HOW TO COMPLETE THIS TASK:
In the listing below, find the line with "circle A8 centre (-122.25, -122.25)" and the line with "line L25 (-143.5, -143.5) -> (-101, -101)". Repeat those two lines and all lines between them exactly.

DATA:
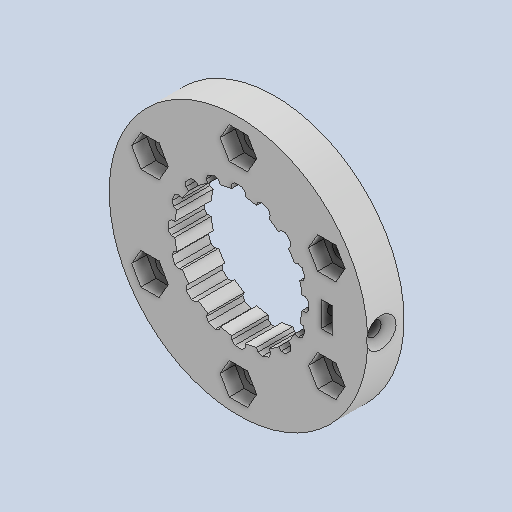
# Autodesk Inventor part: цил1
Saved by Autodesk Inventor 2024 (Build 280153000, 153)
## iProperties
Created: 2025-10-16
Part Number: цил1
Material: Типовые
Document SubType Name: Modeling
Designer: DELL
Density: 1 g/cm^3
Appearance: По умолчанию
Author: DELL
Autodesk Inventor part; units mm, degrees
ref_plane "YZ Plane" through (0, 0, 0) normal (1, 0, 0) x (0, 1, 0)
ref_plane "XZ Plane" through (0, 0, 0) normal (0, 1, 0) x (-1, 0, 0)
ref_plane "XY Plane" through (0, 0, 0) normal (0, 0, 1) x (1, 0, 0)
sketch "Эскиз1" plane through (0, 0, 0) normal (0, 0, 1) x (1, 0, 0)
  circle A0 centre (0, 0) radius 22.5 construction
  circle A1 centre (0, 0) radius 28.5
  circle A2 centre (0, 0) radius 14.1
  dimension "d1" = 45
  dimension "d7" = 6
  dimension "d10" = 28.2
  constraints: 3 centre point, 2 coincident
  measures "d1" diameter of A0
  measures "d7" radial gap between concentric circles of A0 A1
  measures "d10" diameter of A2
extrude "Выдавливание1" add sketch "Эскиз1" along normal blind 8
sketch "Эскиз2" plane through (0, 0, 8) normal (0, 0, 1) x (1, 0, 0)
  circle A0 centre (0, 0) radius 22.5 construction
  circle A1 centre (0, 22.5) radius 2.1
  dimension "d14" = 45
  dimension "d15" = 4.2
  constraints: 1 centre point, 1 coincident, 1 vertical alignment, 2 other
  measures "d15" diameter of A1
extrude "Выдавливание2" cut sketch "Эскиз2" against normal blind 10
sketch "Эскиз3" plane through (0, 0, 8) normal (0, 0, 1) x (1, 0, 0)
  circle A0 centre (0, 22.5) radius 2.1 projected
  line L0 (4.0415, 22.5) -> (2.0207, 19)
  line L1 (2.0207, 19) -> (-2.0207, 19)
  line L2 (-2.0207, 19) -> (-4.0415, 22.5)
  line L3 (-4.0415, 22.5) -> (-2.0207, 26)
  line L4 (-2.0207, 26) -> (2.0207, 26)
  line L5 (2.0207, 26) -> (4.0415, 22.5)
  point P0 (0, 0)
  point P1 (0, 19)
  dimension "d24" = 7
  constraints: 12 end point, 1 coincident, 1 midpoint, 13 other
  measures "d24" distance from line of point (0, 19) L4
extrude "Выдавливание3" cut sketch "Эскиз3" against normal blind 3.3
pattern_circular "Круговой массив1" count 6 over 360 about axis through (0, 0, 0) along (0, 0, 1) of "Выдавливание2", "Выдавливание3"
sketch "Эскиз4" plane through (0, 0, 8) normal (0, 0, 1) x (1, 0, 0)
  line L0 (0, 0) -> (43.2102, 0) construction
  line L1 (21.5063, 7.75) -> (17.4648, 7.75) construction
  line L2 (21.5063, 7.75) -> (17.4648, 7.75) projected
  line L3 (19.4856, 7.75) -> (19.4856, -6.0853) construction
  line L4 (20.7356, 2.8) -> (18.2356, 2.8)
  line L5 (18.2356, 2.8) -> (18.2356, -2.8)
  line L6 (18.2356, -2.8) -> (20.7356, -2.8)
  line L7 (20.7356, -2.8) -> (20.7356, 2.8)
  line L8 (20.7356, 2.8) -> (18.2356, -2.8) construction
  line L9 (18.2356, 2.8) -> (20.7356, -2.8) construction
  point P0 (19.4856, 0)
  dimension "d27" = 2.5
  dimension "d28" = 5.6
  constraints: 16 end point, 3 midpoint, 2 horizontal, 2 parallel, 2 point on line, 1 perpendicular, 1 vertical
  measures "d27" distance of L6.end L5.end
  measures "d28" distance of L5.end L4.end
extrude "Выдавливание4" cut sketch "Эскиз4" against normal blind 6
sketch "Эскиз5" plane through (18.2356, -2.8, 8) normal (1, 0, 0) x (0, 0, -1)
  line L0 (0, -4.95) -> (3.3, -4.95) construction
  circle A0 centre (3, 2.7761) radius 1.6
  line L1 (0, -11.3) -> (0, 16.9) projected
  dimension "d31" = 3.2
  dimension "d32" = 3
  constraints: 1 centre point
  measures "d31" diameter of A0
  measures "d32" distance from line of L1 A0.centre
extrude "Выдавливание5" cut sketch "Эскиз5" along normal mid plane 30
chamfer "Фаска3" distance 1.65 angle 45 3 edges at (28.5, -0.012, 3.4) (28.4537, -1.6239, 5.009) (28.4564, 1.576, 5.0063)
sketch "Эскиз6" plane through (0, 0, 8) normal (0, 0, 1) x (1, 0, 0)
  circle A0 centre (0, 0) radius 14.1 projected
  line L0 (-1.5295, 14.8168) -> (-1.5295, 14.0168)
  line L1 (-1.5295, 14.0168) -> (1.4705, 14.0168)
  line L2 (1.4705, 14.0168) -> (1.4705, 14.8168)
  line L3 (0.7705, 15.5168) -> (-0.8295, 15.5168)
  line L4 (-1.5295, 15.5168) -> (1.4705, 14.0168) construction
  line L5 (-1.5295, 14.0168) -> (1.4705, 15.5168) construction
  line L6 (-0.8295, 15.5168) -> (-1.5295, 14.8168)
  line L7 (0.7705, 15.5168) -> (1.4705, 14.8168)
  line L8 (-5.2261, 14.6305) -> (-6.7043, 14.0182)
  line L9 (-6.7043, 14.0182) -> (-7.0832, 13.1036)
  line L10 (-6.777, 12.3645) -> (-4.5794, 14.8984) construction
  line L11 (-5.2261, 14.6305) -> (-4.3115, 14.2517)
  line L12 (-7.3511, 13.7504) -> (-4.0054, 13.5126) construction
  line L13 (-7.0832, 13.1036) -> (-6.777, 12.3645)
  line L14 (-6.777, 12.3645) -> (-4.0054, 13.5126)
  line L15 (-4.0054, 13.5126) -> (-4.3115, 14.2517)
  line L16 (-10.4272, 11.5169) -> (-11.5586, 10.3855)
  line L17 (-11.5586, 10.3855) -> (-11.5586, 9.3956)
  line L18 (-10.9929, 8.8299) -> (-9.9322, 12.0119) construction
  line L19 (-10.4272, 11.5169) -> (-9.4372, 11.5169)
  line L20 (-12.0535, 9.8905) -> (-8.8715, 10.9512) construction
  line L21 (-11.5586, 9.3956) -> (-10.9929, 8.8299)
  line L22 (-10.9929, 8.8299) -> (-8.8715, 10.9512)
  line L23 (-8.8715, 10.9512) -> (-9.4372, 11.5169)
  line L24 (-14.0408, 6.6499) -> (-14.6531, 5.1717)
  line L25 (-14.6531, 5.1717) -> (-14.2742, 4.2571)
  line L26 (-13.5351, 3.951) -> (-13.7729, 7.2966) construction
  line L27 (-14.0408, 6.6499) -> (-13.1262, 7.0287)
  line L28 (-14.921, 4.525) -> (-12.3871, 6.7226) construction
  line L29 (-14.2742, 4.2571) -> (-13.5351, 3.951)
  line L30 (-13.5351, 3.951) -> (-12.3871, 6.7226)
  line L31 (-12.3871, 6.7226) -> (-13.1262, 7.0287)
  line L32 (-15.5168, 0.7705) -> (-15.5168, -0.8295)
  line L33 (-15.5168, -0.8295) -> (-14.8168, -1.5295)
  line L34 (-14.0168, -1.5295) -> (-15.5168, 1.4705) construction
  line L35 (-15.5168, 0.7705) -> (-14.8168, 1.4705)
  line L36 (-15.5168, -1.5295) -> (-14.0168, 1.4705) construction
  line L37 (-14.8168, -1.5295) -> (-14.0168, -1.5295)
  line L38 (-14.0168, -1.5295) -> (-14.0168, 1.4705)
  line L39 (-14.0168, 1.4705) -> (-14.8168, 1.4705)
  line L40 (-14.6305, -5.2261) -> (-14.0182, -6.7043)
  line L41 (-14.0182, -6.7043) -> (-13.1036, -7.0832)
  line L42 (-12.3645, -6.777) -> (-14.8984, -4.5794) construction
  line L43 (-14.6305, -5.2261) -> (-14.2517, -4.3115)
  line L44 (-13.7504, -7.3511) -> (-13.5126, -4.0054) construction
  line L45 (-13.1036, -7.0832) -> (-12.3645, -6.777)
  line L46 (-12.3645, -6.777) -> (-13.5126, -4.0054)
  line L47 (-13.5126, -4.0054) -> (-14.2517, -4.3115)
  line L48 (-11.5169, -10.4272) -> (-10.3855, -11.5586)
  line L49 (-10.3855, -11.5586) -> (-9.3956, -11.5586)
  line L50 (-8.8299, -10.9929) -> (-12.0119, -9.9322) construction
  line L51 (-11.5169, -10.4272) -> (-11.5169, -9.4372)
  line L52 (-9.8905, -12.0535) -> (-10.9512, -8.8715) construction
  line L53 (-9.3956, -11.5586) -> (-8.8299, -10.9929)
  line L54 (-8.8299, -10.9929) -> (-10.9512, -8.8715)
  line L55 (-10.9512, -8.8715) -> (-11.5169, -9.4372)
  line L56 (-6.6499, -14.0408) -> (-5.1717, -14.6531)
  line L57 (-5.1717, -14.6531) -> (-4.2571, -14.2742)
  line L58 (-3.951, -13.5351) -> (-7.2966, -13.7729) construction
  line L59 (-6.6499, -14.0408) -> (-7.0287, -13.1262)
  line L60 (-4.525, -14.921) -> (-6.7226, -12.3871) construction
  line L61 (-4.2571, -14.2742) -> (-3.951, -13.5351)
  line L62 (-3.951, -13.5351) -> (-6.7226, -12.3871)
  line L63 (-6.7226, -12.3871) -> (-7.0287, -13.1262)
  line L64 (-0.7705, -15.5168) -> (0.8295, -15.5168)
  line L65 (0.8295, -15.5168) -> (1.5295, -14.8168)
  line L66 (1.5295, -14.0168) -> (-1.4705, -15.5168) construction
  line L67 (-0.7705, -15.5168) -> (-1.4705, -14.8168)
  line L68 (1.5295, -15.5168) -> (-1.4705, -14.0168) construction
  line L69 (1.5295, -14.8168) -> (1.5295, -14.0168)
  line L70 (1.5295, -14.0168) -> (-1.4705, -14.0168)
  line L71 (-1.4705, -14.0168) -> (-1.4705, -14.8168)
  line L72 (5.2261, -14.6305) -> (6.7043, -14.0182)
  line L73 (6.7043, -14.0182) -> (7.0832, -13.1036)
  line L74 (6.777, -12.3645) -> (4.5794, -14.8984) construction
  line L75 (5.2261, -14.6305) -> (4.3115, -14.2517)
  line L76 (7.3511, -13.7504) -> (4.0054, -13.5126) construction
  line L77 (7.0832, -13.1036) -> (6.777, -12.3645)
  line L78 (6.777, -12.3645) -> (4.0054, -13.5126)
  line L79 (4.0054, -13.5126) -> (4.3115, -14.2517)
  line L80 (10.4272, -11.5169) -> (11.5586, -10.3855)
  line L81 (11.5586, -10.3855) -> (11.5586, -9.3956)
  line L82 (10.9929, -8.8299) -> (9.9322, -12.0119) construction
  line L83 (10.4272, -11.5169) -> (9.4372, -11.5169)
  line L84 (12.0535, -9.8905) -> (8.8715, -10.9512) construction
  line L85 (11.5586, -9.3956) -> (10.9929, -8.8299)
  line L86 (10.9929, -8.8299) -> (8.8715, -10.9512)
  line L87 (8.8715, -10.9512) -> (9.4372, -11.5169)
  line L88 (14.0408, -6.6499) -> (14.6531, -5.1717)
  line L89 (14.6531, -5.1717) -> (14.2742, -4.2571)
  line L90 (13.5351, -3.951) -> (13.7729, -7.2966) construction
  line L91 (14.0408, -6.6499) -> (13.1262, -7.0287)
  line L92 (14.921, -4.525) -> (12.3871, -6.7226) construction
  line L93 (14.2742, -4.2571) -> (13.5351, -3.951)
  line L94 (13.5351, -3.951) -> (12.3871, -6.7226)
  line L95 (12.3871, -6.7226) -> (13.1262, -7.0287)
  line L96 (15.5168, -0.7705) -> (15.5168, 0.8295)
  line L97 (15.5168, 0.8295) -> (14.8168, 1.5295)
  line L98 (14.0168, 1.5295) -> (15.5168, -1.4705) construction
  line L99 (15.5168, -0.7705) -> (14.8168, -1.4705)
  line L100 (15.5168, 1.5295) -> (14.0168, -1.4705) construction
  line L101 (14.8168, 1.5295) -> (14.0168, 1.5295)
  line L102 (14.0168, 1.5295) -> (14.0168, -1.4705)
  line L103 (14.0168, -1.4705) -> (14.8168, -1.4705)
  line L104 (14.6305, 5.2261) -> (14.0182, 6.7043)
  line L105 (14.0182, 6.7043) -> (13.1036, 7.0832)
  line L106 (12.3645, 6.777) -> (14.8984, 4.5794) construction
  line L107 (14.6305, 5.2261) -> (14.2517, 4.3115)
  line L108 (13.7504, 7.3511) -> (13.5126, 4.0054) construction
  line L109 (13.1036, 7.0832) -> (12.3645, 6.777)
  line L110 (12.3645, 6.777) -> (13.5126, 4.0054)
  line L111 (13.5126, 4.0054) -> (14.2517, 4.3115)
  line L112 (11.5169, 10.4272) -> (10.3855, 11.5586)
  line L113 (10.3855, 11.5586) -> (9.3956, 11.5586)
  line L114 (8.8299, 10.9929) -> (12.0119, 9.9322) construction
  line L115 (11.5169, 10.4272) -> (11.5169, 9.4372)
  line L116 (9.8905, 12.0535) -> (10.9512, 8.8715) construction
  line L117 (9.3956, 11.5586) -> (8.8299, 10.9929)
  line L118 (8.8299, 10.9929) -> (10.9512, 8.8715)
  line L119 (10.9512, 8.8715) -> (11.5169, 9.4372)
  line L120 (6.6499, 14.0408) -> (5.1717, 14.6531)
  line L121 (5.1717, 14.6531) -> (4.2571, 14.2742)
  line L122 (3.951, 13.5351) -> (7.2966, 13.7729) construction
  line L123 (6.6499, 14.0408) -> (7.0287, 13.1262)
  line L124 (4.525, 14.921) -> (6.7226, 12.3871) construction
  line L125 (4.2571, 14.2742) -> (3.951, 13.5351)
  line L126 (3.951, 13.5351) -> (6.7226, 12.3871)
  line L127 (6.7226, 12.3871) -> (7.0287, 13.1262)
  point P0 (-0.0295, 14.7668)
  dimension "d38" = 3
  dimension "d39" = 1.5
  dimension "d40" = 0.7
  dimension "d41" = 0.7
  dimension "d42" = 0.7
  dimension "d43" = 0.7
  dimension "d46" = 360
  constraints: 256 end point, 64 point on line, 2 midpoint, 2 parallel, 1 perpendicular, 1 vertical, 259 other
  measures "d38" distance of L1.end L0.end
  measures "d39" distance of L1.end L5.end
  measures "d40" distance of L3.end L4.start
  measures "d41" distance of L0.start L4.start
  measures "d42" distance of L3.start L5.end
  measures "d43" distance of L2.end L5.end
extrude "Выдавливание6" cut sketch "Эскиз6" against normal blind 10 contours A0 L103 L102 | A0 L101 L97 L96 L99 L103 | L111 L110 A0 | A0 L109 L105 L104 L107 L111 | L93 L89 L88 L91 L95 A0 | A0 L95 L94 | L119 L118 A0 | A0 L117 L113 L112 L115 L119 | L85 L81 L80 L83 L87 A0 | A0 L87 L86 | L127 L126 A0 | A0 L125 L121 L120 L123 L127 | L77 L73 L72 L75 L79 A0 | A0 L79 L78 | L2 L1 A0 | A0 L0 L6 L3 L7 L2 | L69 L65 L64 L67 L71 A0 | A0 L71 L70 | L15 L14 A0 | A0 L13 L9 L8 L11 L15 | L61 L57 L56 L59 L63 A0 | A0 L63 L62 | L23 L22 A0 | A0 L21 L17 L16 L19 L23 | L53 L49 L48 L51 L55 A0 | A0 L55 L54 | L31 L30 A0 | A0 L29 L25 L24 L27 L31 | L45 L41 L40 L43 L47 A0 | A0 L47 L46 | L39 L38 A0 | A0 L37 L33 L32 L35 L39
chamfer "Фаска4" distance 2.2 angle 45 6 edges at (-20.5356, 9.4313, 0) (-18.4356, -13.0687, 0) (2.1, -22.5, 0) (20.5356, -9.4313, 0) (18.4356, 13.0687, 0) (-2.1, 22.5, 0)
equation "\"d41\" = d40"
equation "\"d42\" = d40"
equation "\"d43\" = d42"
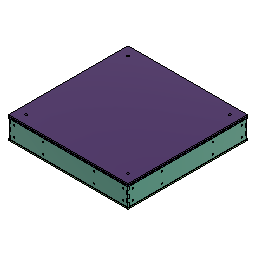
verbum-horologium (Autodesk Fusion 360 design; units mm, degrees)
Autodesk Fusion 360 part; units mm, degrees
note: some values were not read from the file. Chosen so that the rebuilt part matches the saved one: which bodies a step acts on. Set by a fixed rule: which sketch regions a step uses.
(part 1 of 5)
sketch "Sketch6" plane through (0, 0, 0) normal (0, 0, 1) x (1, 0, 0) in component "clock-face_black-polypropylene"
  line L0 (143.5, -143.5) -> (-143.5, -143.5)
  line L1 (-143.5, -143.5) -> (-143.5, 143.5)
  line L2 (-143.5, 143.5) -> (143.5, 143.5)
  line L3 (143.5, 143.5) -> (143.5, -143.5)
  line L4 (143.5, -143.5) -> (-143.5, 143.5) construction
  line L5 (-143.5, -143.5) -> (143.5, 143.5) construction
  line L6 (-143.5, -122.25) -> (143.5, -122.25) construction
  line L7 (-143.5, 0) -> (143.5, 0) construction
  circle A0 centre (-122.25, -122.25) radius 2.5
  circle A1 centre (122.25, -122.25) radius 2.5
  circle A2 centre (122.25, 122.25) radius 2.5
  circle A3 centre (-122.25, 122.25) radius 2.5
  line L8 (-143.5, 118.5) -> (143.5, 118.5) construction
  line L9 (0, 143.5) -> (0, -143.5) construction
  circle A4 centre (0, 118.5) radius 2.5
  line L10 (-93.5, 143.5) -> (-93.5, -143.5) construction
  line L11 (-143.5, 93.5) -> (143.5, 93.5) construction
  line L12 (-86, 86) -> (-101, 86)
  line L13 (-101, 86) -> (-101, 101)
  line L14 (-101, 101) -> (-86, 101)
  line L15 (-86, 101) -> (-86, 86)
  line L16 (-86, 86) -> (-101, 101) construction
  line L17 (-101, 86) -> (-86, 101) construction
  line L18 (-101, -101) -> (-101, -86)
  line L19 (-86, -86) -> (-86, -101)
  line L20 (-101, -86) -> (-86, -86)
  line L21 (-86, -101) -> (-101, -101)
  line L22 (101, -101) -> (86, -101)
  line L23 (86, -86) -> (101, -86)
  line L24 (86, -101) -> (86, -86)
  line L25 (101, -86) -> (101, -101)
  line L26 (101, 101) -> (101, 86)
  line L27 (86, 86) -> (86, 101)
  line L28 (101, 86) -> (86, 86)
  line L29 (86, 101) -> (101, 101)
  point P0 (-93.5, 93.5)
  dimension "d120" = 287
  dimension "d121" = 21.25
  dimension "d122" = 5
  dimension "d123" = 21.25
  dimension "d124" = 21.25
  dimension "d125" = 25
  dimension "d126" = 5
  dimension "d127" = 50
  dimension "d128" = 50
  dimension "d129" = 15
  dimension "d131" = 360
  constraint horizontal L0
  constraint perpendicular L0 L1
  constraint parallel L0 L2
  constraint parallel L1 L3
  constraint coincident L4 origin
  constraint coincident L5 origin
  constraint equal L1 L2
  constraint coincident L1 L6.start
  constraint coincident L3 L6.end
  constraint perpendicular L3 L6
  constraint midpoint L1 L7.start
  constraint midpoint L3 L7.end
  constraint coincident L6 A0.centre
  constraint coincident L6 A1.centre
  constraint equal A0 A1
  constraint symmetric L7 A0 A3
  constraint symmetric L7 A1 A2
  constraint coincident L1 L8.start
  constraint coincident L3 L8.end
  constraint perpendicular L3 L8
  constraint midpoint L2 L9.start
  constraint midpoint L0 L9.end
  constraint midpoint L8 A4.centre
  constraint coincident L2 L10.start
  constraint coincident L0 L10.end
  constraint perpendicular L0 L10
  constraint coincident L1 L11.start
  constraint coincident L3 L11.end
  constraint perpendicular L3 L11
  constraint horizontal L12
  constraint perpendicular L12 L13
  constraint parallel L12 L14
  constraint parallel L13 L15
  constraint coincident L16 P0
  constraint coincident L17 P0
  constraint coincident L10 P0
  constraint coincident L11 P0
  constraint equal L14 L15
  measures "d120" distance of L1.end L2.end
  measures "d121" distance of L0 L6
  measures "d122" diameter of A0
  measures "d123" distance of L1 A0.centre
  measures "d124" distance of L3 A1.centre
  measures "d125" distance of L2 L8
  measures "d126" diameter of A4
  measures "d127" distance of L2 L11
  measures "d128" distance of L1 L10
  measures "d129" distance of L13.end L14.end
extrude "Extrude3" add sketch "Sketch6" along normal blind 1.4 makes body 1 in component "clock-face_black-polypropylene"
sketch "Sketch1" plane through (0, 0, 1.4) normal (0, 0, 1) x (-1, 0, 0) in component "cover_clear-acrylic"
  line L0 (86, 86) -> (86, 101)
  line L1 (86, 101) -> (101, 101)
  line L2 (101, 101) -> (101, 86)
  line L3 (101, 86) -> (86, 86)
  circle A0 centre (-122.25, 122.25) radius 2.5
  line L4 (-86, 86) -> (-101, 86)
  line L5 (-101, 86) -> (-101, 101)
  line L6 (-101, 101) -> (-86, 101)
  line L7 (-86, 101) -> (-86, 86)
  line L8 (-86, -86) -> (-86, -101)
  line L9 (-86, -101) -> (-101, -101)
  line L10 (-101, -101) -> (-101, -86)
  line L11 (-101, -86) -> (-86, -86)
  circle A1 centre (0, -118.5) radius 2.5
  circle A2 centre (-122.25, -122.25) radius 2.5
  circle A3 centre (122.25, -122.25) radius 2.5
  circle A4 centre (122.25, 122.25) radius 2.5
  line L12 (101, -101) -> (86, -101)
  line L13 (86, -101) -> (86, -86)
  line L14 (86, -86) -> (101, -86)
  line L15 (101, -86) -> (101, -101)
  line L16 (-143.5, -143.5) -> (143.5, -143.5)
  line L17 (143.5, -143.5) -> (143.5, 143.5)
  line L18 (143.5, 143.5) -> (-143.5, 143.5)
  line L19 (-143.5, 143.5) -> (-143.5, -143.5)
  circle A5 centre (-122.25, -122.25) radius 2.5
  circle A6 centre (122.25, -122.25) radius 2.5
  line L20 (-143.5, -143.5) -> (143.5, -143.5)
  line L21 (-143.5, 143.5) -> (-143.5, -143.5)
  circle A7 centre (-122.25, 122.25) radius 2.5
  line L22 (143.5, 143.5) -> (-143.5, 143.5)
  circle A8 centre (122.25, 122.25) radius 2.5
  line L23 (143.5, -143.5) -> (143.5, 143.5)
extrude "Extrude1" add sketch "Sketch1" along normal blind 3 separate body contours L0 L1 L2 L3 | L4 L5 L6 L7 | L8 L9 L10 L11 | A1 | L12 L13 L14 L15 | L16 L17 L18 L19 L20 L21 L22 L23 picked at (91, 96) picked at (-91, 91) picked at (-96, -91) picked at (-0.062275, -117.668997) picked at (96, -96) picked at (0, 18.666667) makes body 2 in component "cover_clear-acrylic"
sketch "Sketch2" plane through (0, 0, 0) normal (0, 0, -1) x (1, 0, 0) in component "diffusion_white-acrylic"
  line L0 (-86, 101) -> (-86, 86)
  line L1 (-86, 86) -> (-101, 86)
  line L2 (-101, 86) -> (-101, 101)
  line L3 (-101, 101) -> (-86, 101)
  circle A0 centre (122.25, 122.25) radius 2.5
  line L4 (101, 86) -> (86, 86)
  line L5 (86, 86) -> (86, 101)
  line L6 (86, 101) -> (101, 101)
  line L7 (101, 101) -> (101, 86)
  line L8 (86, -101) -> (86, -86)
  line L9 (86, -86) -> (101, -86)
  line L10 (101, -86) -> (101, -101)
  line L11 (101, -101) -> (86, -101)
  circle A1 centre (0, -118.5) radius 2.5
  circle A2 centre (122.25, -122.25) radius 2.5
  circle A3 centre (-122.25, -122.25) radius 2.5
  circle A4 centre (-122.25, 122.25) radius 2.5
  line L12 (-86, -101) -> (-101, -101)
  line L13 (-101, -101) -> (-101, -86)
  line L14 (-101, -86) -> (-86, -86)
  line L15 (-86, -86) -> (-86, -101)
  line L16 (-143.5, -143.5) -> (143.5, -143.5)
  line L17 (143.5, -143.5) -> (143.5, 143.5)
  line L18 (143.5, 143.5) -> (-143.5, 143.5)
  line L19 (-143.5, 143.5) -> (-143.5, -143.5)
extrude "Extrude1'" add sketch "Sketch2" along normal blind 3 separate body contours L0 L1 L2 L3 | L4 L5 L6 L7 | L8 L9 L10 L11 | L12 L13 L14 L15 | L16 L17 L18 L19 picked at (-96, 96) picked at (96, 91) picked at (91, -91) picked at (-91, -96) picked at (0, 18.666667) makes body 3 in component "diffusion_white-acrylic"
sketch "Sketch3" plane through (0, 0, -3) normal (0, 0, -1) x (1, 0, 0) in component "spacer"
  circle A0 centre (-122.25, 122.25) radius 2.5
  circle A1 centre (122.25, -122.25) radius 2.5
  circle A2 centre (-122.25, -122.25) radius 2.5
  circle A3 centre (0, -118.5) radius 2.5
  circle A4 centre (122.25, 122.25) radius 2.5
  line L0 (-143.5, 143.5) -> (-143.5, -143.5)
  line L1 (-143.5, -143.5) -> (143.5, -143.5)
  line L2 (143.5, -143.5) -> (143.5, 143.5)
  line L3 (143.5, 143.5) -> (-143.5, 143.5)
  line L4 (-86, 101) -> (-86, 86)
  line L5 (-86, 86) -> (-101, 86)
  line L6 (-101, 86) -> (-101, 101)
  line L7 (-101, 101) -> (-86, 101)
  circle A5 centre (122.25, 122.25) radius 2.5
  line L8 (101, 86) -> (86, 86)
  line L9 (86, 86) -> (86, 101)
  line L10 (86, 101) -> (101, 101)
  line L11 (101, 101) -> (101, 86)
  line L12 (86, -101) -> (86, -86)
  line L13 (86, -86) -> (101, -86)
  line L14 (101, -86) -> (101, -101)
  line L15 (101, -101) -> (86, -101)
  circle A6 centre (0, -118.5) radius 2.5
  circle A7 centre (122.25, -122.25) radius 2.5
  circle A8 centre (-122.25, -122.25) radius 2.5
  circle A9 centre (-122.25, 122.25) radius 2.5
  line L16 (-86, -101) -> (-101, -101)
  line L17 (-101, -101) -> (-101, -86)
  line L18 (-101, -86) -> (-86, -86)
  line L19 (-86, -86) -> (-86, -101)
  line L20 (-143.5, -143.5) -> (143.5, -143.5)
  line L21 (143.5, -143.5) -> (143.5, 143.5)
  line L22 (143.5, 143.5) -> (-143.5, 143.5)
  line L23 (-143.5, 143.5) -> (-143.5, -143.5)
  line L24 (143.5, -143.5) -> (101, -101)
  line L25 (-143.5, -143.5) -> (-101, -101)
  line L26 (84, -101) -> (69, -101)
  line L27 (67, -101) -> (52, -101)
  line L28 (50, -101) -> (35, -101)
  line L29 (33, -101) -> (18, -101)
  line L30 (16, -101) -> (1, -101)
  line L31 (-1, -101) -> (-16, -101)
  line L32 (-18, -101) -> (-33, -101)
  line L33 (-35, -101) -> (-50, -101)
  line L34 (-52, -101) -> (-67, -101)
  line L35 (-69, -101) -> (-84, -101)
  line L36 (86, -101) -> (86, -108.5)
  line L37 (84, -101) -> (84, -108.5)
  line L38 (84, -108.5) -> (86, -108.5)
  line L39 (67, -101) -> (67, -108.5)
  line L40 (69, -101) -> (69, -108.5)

RESULT FOR THIS EXERCISE:
  circle A8 centre (-122.25, -122.25) radius 2.5
  circle A9 centre (-122.25, 122.25) radius 2.5
  line L16 (-86, -101) -> (-101, -101)
  line L17 (-101, -101) -> (-101, -86)
  line L18 (-101, -86) -> (-86, -86)
  line L19 (-86, -86) -> (-86, -101)
  line L20 (-143.5, -143.5) -> (143.5, -143.5)
  line L21 (143.5, -143.5) -> (143.5, 143.5)
  line L22 (143.5, 143.5) -> (-143.5, 143.5)
  line L23 (-143.5, 143.5) -> (-143.5, -143.5)
  line L24 (143.5, -143.5) -> (101, -101)
  line L25 (-143.5, -143.5) -> (-101, -101)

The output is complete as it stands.